Seeking Eden Read online



  Then the wagon had passed, heading toward the creek and the soldiers. Without its shadow to protect them, Elanna felt horribly exposed. Surely the men in green could see right through their sad hiding place! In any moment, they’d reach in and pull them out, maybe shoot them with the guns, or maybe worse. Her eyes, wide and staring, burned, and yet she was too afraid to close them.

  Minutes passed, slow and dragging. Each strangled breath, an eternity. Waiting. She had to blink and didn’t want to, knowing that in the second she was blind they would be there.

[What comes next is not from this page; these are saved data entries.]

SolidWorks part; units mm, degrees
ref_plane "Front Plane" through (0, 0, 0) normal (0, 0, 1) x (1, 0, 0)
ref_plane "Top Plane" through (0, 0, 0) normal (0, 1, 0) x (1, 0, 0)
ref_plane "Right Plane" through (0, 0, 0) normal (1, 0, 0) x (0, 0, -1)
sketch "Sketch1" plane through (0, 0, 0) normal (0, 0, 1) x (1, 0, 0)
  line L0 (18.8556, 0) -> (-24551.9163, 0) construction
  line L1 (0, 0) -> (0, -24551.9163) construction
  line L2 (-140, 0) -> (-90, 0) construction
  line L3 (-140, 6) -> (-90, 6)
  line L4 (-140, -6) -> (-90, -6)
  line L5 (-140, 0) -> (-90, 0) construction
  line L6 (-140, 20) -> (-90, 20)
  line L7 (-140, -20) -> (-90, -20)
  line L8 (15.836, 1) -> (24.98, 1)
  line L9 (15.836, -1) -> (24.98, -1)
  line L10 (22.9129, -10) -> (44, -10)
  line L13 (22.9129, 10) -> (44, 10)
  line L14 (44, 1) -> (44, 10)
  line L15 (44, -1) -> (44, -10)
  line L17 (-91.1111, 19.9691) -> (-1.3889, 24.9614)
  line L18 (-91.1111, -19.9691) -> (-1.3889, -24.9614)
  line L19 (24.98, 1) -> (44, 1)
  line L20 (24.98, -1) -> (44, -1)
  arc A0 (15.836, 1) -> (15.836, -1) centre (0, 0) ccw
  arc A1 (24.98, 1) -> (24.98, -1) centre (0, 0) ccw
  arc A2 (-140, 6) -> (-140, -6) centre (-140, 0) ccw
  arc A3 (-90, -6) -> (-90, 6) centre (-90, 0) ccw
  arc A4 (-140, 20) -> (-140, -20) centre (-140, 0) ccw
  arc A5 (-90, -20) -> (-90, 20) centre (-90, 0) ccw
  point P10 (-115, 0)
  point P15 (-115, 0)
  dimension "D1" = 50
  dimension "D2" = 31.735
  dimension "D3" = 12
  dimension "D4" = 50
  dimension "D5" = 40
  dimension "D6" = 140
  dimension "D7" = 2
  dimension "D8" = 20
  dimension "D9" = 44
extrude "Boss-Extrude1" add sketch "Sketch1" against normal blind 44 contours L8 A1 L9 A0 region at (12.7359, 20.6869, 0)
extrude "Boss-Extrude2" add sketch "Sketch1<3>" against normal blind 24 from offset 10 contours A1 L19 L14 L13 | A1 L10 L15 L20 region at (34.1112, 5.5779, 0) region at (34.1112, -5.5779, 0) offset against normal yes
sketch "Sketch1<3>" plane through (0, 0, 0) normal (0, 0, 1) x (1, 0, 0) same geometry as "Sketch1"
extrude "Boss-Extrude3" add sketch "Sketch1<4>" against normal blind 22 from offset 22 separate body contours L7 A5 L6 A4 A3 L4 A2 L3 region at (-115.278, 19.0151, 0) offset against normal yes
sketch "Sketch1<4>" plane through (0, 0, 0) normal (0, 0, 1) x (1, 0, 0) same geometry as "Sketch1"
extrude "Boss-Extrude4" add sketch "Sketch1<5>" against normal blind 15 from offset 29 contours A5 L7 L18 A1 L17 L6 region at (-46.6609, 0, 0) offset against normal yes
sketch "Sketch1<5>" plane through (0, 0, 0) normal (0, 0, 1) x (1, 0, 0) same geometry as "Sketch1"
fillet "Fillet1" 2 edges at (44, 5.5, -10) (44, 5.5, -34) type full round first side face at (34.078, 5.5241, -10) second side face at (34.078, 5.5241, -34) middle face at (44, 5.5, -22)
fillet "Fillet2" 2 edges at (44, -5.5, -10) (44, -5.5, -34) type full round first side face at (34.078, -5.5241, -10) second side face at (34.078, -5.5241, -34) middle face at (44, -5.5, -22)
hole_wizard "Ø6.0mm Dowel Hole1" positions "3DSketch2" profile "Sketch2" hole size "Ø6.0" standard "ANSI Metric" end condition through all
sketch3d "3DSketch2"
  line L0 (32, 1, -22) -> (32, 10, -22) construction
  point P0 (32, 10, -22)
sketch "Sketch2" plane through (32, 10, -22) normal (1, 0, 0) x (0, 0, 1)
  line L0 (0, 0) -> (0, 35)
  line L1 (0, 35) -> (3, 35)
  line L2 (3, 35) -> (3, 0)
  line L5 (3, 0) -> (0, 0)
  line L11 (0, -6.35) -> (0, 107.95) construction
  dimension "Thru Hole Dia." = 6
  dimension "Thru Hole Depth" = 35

  Nothing happened. She heard shouting. Tobin seemed to relax beside her. Could they be safe?

  “Hey, Maranian! Shift your skinny ass and get this shit over to the tank!”

  “Fuck you!” Maranian yelled back. The high voice broke into a cough, then a sneeze. “I think I’m getting fucking sick!”

  “Serves you the fuck right,” Lovett yelled back. “Dumb ass!”

  Elanna pressed her hands to her ears, wanting to block out the language. She’d heard the words before, though never so frequently. Strangely, though, the more they said them, the less offensive the language became. She was struck again at how childish their behavior was, with the posturing and name-calling.

  “No sign of the intruders anywhere, Major.” This was the one they called Lieutenant. He’d moved away from their hiding place, but Elanna knew that one small sound or movement from her or Tobin and they’d be discovered. “I checked the tree row, and there’s nothing. A piece of material that might have been theirs. Maybe they went that way.”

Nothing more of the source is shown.